2 Basic Data-Space Inversion Formulation

In this section, we introduce a new data-space inversion (DSI) formulation within a Bayesian framework. In the initial DSI formulation, the prior probability density function (PDF) of the data variables is assumed to be Gaussian. In this case, analytical solutions for the posterior PDF of the data variables conditioned to observed data can be constructed. The basic DSI formulation is then applied for a reservoir performance forecasting problem that displays a simple production response. In the following section, we will describe the extended DSI formulation to deal with cases when the prior PDF of the data variables is non-Gaussian.

2.1 Mathematical Formulation

In this paper, data variables refer to the uncertain quantities of interest, which in this case are well production data at different time steps. The data variables are contained in an $N_{{\text {d}}}$-dimensional column vector of the form

$$\begin{aligned} {\mathbf {d}}_{{\text {full}}}= [{\mathbf {d}}^\mathrm{T}_1,~{\mathbf {d}}^\mathrm{T}_2,\dots ,{\mathbf {d}}^\mathrm{T}_{k},\dots ,{\mathbf {d}}^\mathrm{T}_{N_{{\text {h}}}},\dots ,{\mathbf {d}}^\mathrm{T}_{N_{{\text {t}}}}]^\mathrm{T}, \end{aligned}$$

(1)

where ${\mathbf {d}}_{k}$ is the data vector at time step $t_k$, $N_{{\text {h}}}$ is the total number of time steps during the history-matching period, and $N_{{\text {t}}}$ is the total number of time steps until the end of the forecast period.
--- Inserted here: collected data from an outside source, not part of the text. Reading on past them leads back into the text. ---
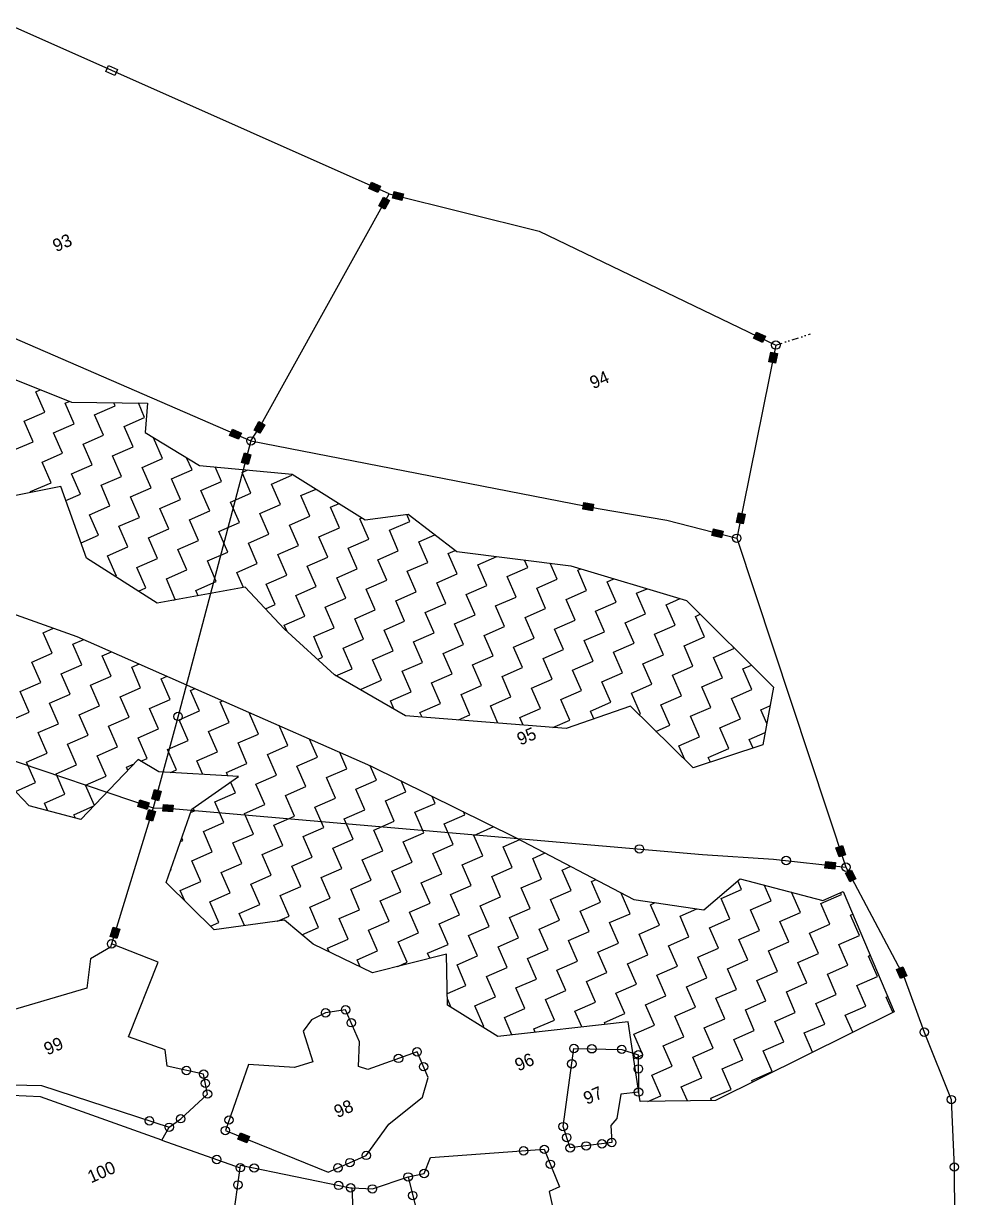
# Model space of a CAD drawing. Header units: metres. Extents: x 317389 to 323374, y 1888575 to 1892651.
# Drawn here: x 322212 to 322904, y 1890284 to 1891153 of the extents above; entities that cross this region are included whole.
import ezdxf

# ---------------------------------------------------------------- set-up
doc = ezdxf.new("R2010")
doc.units = ezdxf.units.M
doc.header["$MEASUREMENT"] = 0
doc.linetypes.add('DIVIDE', pattern=[1.25, 0.5, -0.25, 0, -0.25, 0, -0.25])
for name, color, linetype in [('OFF', 1, 'Continuous'), ('POLY_HATCH', 12, 'Continuous'), ('POLY_PARCEL', 6, 'Continuous'), ('POLY_ROAD', 30, 'Continuous'), ('TEXT_PARCEL', 7, 'Continuous'), ('V_BOUND_LINE', 7, 'Continuous'), ('V_DIVIDE_LINE', 7, 'DIVIDE')]:
    doc.layers.add(name, color=color, linetype=linetype)
doc.styles.add('TEXT_MAP', font='')
doc.styles.get('TEXT_MAP').set_extended_font_data('Kruti Dev 050')

msp = doc.modelspace()

# ---------------------------------------------------------------- hatches: boundary and pattern name
for points in [[(322469.91, 1891035.28), (322467.87, 1891030.69), (322474.51, 1891027.74), (322476.55, 1891032.33)], [(322475.31, 1891017.9), (322479.7, 1891015.46), (322483.23, 1891021.81), (322478.85, 1891024.25)], [(322492.48, 1891021.75), (322493.7, 1891026.62), (322486.65, 1891028.38), (322485.44, 1891023.51)], [(322754.9, 1890924.44), (322752.72, 1890919.91), (322759.26, 1890916.77), (322761.44, 1890921.29)], [(322764.11, 1890902.35), (322769.03, 1890901.35), (322770.48, 1890908.47), (322765.55, 1890909.47)], [(322366.93, 1890852.56), (322364.92, 1890847.96), (322371.58, 1890845.06), (322373.59, 1890849.67)], [(322390.88, 1890855.84), (322386.5, 1890858.28), (322382.97, 1890851.93), (322387.35, 1890849.49)], [(322373.73, 1890827.99), (322378.54, 1890826.53), (322380.65, 1890833.47), (322375.84, 1890834.93)], [(322633.42, 1890792.21), (322634.29, 1890797.16), (322627.14, 1890798.41), (322626.27, 1890793.47)], [(322746.41, 1890789.63), (322741.49, 1890790.63), (322740.05, 1890783.52), (322744.97, 1890782.52)], [(322723.14, 1890778.84), (322721.88, 1890773.98), (322728.91, 1890772.15), (322730.17, 1890777.01)], [(322314.2, 1890584.63), (322309.36, 1890585.96), (322307.43, 1890578.96), (322312.27, 1890577.63)], [(322298.42, 1890578.2), (322296.87, 1890573.42), (322303.78, 1890571.19), (322305.32, 1890575.97)], [(322322.65, 1890569.31), (322323.09, 1890574.31), (322315.85, 1890574.94), (322315.42, 1890569.93)], [(322303.07, 1890564.06), (322307.87, 1890562.6), (322309.99, 1890569.54), (322305.18, 1890571)], [(322818.43, 1890544.46), (322813.67, 1890542.87), (322815.96, 1890535.98), (322820.72, 1890537.57)], [(322806.11, 1890532.66), (322805.55, 1890527.67), (322812.77, 1890526.87), (322813.32, 1890531.86)], [(322824.04, 1890517.51), (322828.49, 1890519.85), (322825.1, 1890526.28), (322820.65, 1890523.93)], [(322283.53, 1890482.67), (322278.73, 1890484.14), (322276.61, 1890477.19), (322281.42, 1890475.73)], [(322861.41, 1890446.09), (322866.03, 1890448.04), (322863.21, 1890454.73), (322858.58, 1890452.78)], [(322377.74, 1890324.39), (322379.62, 1890329.05), (322372.89, 1890331.76), (322371.01, 1890327.11)]]:
    msp.add_hatch(color=256).paths.add_polyline_path(points)

# ---------------------------------------------------------------- linework, layer by layer
for points in [[(322275.31, 1891121.75), (322281.95, 1891118.8), (322279.91, 1891114.21), (322273.27, 1891117.16)], [(322474.51, 1891027.74), (322467.87, 1891030.69), (322469.91, 1891035.28), (322476.55, 1891032.33)], [(322483.23, 1891021.81), (322479.7, 1891015.46), (322475.31, 1891017.9), (322478.85, 1891024.25)], [(322486.65, 1891028.38), (322493.7, 1891026.62), (322492.48, 1891021.75), (322485.44, 1891023.51)], [(322759.26, 1890916.77), (322752.72, 1890919.91), (322754.9, 1890924.44), (322761.44, 1890921.29)], [(322770.48, 1890908.47), (322769.03, 1890901.35), (322764.11, 1890902.35), (322765.55, 1890909.47)], [(322371.58, 1890845.06), (322364.92, 1890847.96), (322366.93, 1890852.56), (322373.59, 1890849.67)], [(322382.97, 1890851.93), (322386.5, 1890858.28), (322390.88, 1890855.84), (322387.35, 1890849.49)], [(322380.65, 1890833.47), (322378.54, 1890826.53), (322373.73, 1890827.99), (322375.84, 1890834.93)], [(322627.14, 1890798.41), (322634.29, 1890797.16), (322633.42, 1890792.21), (322626.27, 1890793.47)], [(322740.05, 1890783.52), (322741.49, 1890790.63), (322746.41, 1890789.63), (322744.97, 1890782.52)], [(322728.91, 1890772.15), (322721.88, 1890773.98), (322723.14, 1890778.84), (322730.17, 1890777.01)], [(322307.43, 1890578.96), (322309.36, 1890585.96), (322314.2, 1890584.63), (322312.27, 1890577.63)], [(322303.78, 1890571.19), (322296.87, 1890573.42), (322298.42, 1890578.2), (322305.32, 1890575.97)], [(322315.85, 1890574.94), (322323.09, 1890574.31), (322322.65, 1890569.31), (322315.42, 1890569.93)], [(322309.99, 1890569.54), (322307.87, 1890562.6), (322303.07, 1890564.06), (322305.18, 1890571)], [(322815.96, 1890535.98), (322813.67, 1890542.87), (322818.43, 1890544.46), (322820.72, 1890537.57)], [(322812.77, 1890526.87), (322805.55, 1890527.67), (322806.11, 1890532.66), (322813.32, 1890531.86)], [(322825.1, 1890526.28), (322828.49, 1890519.85), (322824.04, 1890517.51), (322820.65, 1890523.93)], [(322276.61, 1890477.19), (322278.73, 1890484.14), (322283.53, 1890482.67), (322281.42, 1890475.73)], [(322863.21, 1890454.73), (322866.03, 1890448.04), (322861.41, 1890446.09), (322858.58, 1890452.78)], [(322372.89, 1890331.76), (322379.62, 1890329.05), (322377.74, 1890324.39), (322371.01, 1890327.11)]]:
    msp.add_lwpolyline(points, close=True)
for centre in [(322769.19, 1890914.78), (322380.66, 1890843.85), (322740.24, 1890771.8), (322326.78, 1890640.03), (322668.24, 1890541.92), (322776.84, 1890533.38), (322821.1, 1890528.47), (322277.57, 1890471.71), (322450.75, 1890422.86), (322435.92, 1890420.67), (322454.92, 1890413.31), (322879.04, 1890406.38), (322489.92, 1890386.91), (322503.63, 1890391.82), (322619.76, 1890394.29), (322632.99, 1890394.05), (322655.12, 1890393.64), (322667.41, 1890389.56), (322332.92, 1890378), (322508.44, 1890380.82), (322618.18, 1890382.9), (322667.46, 1890379.15), (322345.69, 1890375.25), (322347.01, 1890368.48), (322348.55, 1890360.59), (322667.54, 1890362), (322899.08, 1890356.49), (322305.56, 1890340.75), (322320.2, 1890335.96), (322328.69, 1890342.32), (322364.46, 1890341.35), (322611.76, 1890336.51), (322361.74, 1890333.56), (322614.42, 1890328.36), (322582.46, 1890318.52), (322597.82, 1890319.66), (322616.94, 1890320.66), (322628.78, 1890322.21), (322640.5, 1890323.74), (322647.76, 1890324.69), (322355.35, 1890312.15), (322453.93, 1890309.83), (322466.06, 1890315.14), (322602.3, 1890308.59), (322372.77, 1890306.06), (322383.08, 1890305.83), (322445.08, 1890305.96), (322508.88, 1890301.75), (322901.29, 1890306.58), (322371.02, 1890293.33), (322445.57, 1890292.98), (322454.49, 1890291.15), (322497.08, 1890299.23), (322470.57, 1890290.33), (322500.48, 1890285.44)]:
    msp.add_circle(centre, 3.11)
at = {"layer": 'OFF'}
msp.add_line((322314.66, 1890326.36), (322320.2, 1890335.96), dxfattribs=at)
at = {"layer": 'POLY_HATCH'}
for p, q in [((322145.96, 1890913.22), (322247.88, 1890872.42)), ((322247.88, 1890872.42), (322304.2, 1890871.85)), ((322304.2, 1890871.85), (322302.48, 1890850.12)), ((322302.48, 1890850.12), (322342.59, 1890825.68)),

In the cases considered in this paper, ${\mathbf {d}}_{{\text {full}}}$ contains different types of well production data variables (e.g., oil and water production rates and bottom-hole pressure, or BHP, at different time steps) from multiple wells. The data variables during the history-matching period are observed (measured) and assembled into an $N_{{\text {obs}}}$-dimensional column vector ${\mathbf {d}}_{{\text {obs}}}$ given by

$$\begin{aligned} {\mathbf {d}}_{{\text {obs}}}= [{\mathbf {d}}^\mathrm{T}_{{\text {obs}},1},~{\mathbf {d}}^\mathrm{T}_{{\text {obs}},2},\dots ,{\mathbf {d}}^\mathrm{T}_{{\text {obs}},k},\dots ,{\mathbf {d}}^\mathrm{T}_{{\text {obs}},N_{{\text {h}}}}]^\mathrm{T}, \end{aligned}$$

(2)

where ${\mathbf {d}}_{{\text {obs}},k}$ represents the observation vector at time step k.

Our goal is to predict quantities of interest, that are part of the data vector ${\mathbf {d}}_{{\text {full}}}$, conditioned to observations ${\mathbf {d}}_{{\text {obs}}}$. The approach used to estimate ${\mathbf {d}}_{{\text {full}}}$ conditioned to ${\mathbf {d}}_{{\text {obs}}}$ is referred to as a data-space inversion (DSI) procedure. The data space is here the space of all possible data vectors in the form of Eq. (1). Note that this data space is different from the data space referred to by Tarantola (2005) and Oliver et al. (2008), as their data space is of the same dimension as the observation vector shown in Eq. (2).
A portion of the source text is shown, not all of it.